Isolamento de molécula (s) de ligação PFL em células de cancro gástrico humano MKN28

para abordar o mecanismo molecular pelo qual PFL induz a morte celular de células MKN28, molécula (s) da superfície celular ao qual PFL ligadas foram investigados. Biotinilado PFL foi incubada durante 2 h com células MKN28 e as células foram lisadas com tampão RIPA contendo 0,1% de SDS. A molécula (s) da superfície celular ao qual biotina-PFL ligadas foram co-precipitada com esferas revestidas com avidina. As proteínas aprisionadas em esferas foram subsequentemente eluída com tampão de amostra de SDS-PAGE e analisados ​​em SDS-PAGE (Fig. 6A). Embora várias bandas não específicas foram detectadas, observou-se uma banda de 150 kDa que especificamente detectado na fracção PFL tratada. Esta banda foi ainda submetido a digestão em gel de tripsina seguido por análise por espectrometria de massa MALDI-TOF. Os peptídeos obtidos dados de impressões digitais de massa (Fig. 6B) foram pesquisados ​​para banco de dados e a proteína foi identificada como integrina α2, com pontuação com base na probabilidade de 57 (p 0,05).

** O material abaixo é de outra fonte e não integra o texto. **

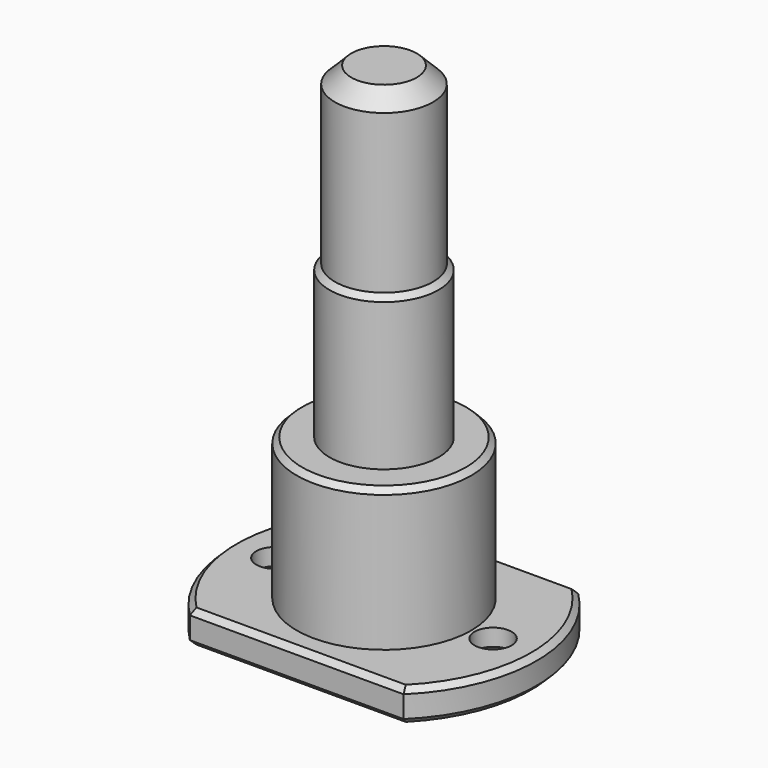
from build123d import *

# Parameters (mm, degrees)
F1_DEPTH       = 3
F2_D           = 3.4
F2_CSINK_D     = 6.3
F2_CSINK_ANGLE = 90
F3_R           = 8
F4_DEPTH       = 13
F5_R           = 5
F6_DEPTH       = 14
F7_R           = 4.5
F8_DEPTH       = 16
F9_SIZE        = 1.5
F10_SIZE       = 0.49999


# Not quite as in the source:
# - a fillet or chamfer is up to 0.001 mm smaller than in the source, because OpenCascade refuses the exact size


with BuildPart() as f1:
    # F0 (on Top) → F1 (new body)
    with BuildSketch(Plane.XY):
        with BuildLine():
            Line((9.7979589711, 10), (-9.7979589711, 10))
            ThreePointArc((-9.7979589711, 10), (-14, 0), (-9.7979589711, -10))
            Line((-9.7979589711, -10), (9.7979589711, -10))
            ThreePointArc((9.7979589711, -10), (14, 0), (9.7979589711, 10))
        make_face()
    extrude(amount=F1_DEPTH)

    # F2 (through all)
    with Locations(Plane(origin=(0, 0, 0), x_dir=(1, 0, 0), z_dir=(0, 0, -1))):
        with Locations((-10, 0), (10, 0)):
            CounterSinkHole(F2_D / 2, F2_CSINK_D / 2, counter_sink_angle=F2_CSINK_ANGLE)

    # F3 (on face) → F4 (join)
    with BuildSketch(Plane.XY.offset(3)):
        Circle(F3_R)
    extrude(amount=F4_DEPTH)

    # F5 (on face) → F6 (join)
    with BuildSketch(Plane.XY.offset(16)):
        Circle(F5_R)
    extrude(amount=F6_DEPTH)

    # F7 (on face) → F8 (join)
    with BuildSketch(Plane.XY.offset(30)):
        Circle(F7_R)
    extrude(amount=F8_DEPTH)

    # F9
    f9_edges = [f1.edges().sort_by_distance(p)[0] for p in [
        (-4.5, 0, 46),
    ]]
    chamfer(f9_edges, length=F9_SIZE)

    # F10 (size 0.5 in the source; OpenCascade refuses exactly that, so slightly less here)
    f10_edges = [f1.edges().sort_by_distance(p)[0] for p in [
        (-5, 0, 30),
        (0, -10, 3),
        (14, 0, 3),
        (0, 10, 3),
        (-14, 0, 3),
        (-14, 0, 0),
        (0, -10, 0),
        (14, 0, 0),
        (0, 10, 0),
        (-8, 0, 16),
    ]]
    chamfer(f10_edges, length=F10_SIZE)


solid = f1.part
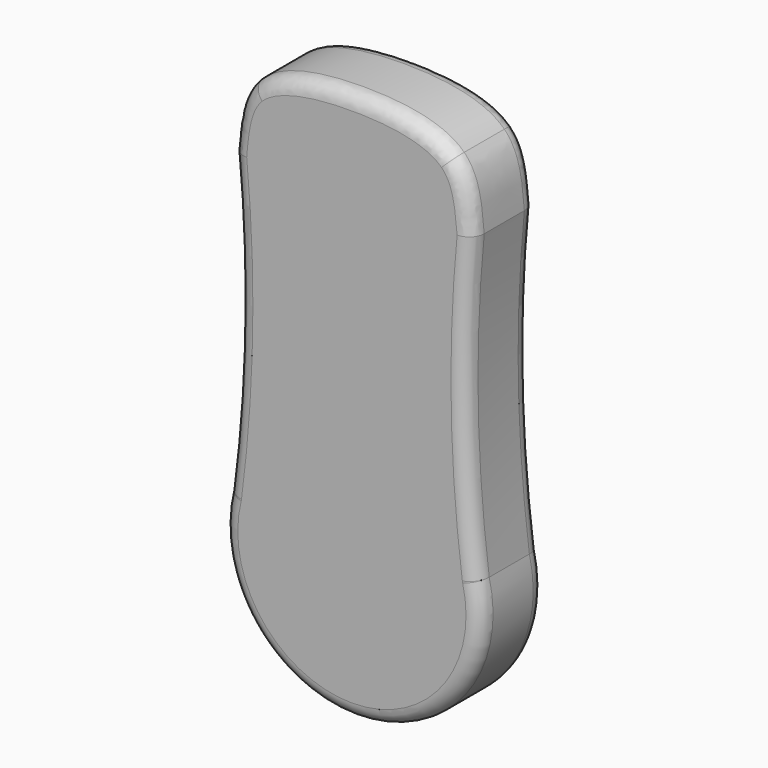
from build123d import *

# Parameters (mm, degrees)
F1_DEPTH = 16
F2_R     = 3
F3_R     = 3


with BuildPart() as f1:
    # F0 (on Front) → F1 (new body)
    with BuildSketch(Plane.XZ):
        with BuildLine():
            ThreePointArc((1, 92), (2.2082244019, 61.9715295933), (0, 32))
            ThreePointArc((0, 32), (25, 0), (50, 32))
            ThreePointArc((50, 32), (47.7917755981, 61.9715295933), (49, 92))
            Line((49, 92), (25, 92))
            Line((25, 92), (1, 92))
        make_face()
        with BuildLine():
            add(Edge.make_bspline(
                [(1, 92), (1.4186086824, 96.9319457504), (1.8372173648, 101.8638915008), (5, 105)],
                knots=[0, 0, 0, 0, 0.2241015784, 0.2241015784, 0.2241015784, 0.2241015784], degree=3))
            Line((1, 92), (25, 92))
            Line((25, 92), (25, 105))
            Line((25, 105), (5, 105))
        make_face()
        with BuildLine():
            Line((25, 92), (49, 92))
            add(Edge.make_bspline(
                [(45, 105), (48.1627826352, 101.8638915008), (48.5813913176, 96.9319457504), (49, 92)],
                knots=[0.7758984216, 0.7758984216, 0.7758984216, 0.7758984216, 1, 1, 1, 1], degree=3))
            Line((45, 105), (25, 105))
            Line((25, 105), (25, 92))
        make_face()
        with BuildLine():
            add(Edge.make_bspline(
                [(5, 105), (8.8938000478, 108.8609606896), (16.9469000239, 110), (25, 110)],
                knots=[0.2241015784, 0.2241015784, 0.2241015784, 0.2241015784, 0.5, 0.5, 0.5, 0.5], degree=3))
            Line((5, 105), (25, 105))
            Line((25, 105), (25, 110))
        make_face()
        with BuildLine():
            Line((25, 105), (45, 105))
            add(Edge.make_bspline(
                [(25, 110), (33.0530999761, 110), (41.1061999522, 108.8609606896), (45, 105)],
                knots=[0.5, 0.5, 0.5, 0.5, 0.7758984216, 0.7758984216, 0.7758984216, 0.7758984216], degree=3))
            Line((25, 110), (25, 105))
        make_face()
    extrude(amount=F1_DEPTH)

    # F2
    f2_edges = [f1.edges().sort_by_distance(p)[0] for p in [
        (2.208224, -16, 61.97153),
        (25, -16, 0),
        (47.791776, -16, 61.97153),
        (25, -16, 110),
    ]]
    fillet(f2_edges, radius=F2_R)

    # F3
    f3_edges = [f1.edges().sort_by_distance(p)[0] for p in [
        (2.208224, 0, 61.97153),
        (25, 0, 0),
        (47.791776, 0, 61.97153),
        (25, 0, 110),
    ]]
    fillet(f3_edges, radius=F3_R)


solid = f1.part
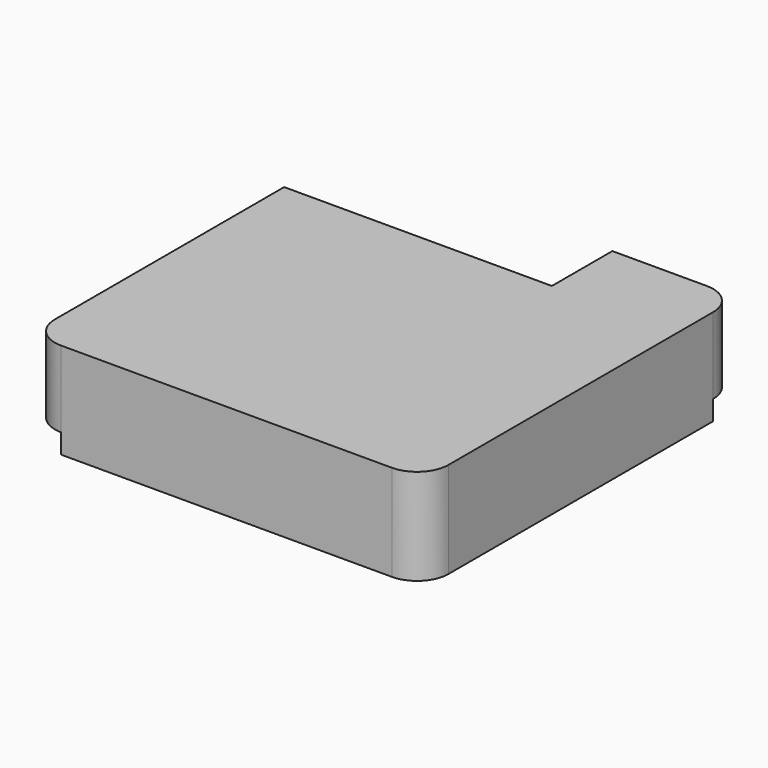
from build123d import *

# Parameters (mm, degrees)
F1_DEPTH = 6.1
F3_DEPTH = 1.25


# Not quite as in the source:
# - a feature names something its author has since deleted; it is built from what else it names


with BuildPart() as f1:
    # F0 (on Top) → F1 (new body)
    with BuildSketch(Plane.XY):
        with BuildLine():
            ThreePointArc((12.5, 10.5), (11.9142135624, 11.9142135624), (10.5, 12.5))
            Line((10.5, 12.5), (4.5, 12.5))
            Line((4.5, 12.5), (4.5, 7.7))
            Line((4.5, 7.7), (-12.5, 7.7))
            Line((-12.5, 7.7), (-12.5, -10.5))
            ThreePointArc((-12.5, -10.5), (-11.9142135624, -11.9142135624), (-10.5, -12.5))
            Line((-10.5, -12.5), (10.5, -12.5))
            ThreePointArc((10.5, -12.5), (11.9142135624, -11.9142135624), (12.5, -10.5))
            Line((12.5, -10.5), (12.5, 10.5))
        make_face()
    extrude(amount=F1_DEPTH)

    # F2 (on face) → F3 (cut)
    with BuildSketch(Plane(origin=(0, 0, 0), x_dir=(1, 0, 0), z_dir=(0, 0, -1))):
        with BuildLine():
            ThreePointArc((10.5, -12.5), (11.9142135624, -11.9142135624), (12.5, -10.5))
            ThreePointArc((12.5, -10.5), (9.0857864376, -9.0857864376), (10.5, -12.5))
        make_face()
        with BuildLine():
            ThreePointArc((-8.5, 10.5), (-9.0857864376, 11.9142135624), (-10.5, 12.5))
            ThreePointArc((-10.5, 12.5), (-11.9142135624, 11.9142135624), (-12.5, 10.5))
            ThreePointArc((-12.5, 10.5), (-10.5, 8.5), (-8.5, 10.5))
        make_face()
    extrude(amount=-F3_DEPTH, mode=Mode.SUBTRACT)


solid = f1.part

MKN28 células foram tratadas com biotina PFL (200 ug) e incubado durante 2 h à temperatura ambiente. Após a lise da célula com tampão RIPA contendo 0,1% de SDS, as proteínas que se ligam ao biotina-PFL foram precipitados com contas de avidina. proteínas capturada em esférulas foram eluídas com tampão de amostra de SDS-PAGE por incubação durante 15 min a 90 ° C e submetidas a SDS-PAGE (A). A banda de proteína de 150 kDa a partir da fracção eluida especificamente PFL foi analisada por MALDI-TOF MS após a digestão em gel com tripsina. Os dados de impressão dedo massa peptídeo (B) foi pesquisado pelo software Mascot.

localização celular da adicionado exogenamente PFL e integrina α2

Os comportamentos de si PFL e integrina α2 após tratamento com PFL foram examinadas utilizando um microscópio de fluorescência confocal. Nesta experiência, marcado com fluorescência PFL (Alexa488-PFL) foi usada para rastrear PFL localização. Como mostrado na Fig.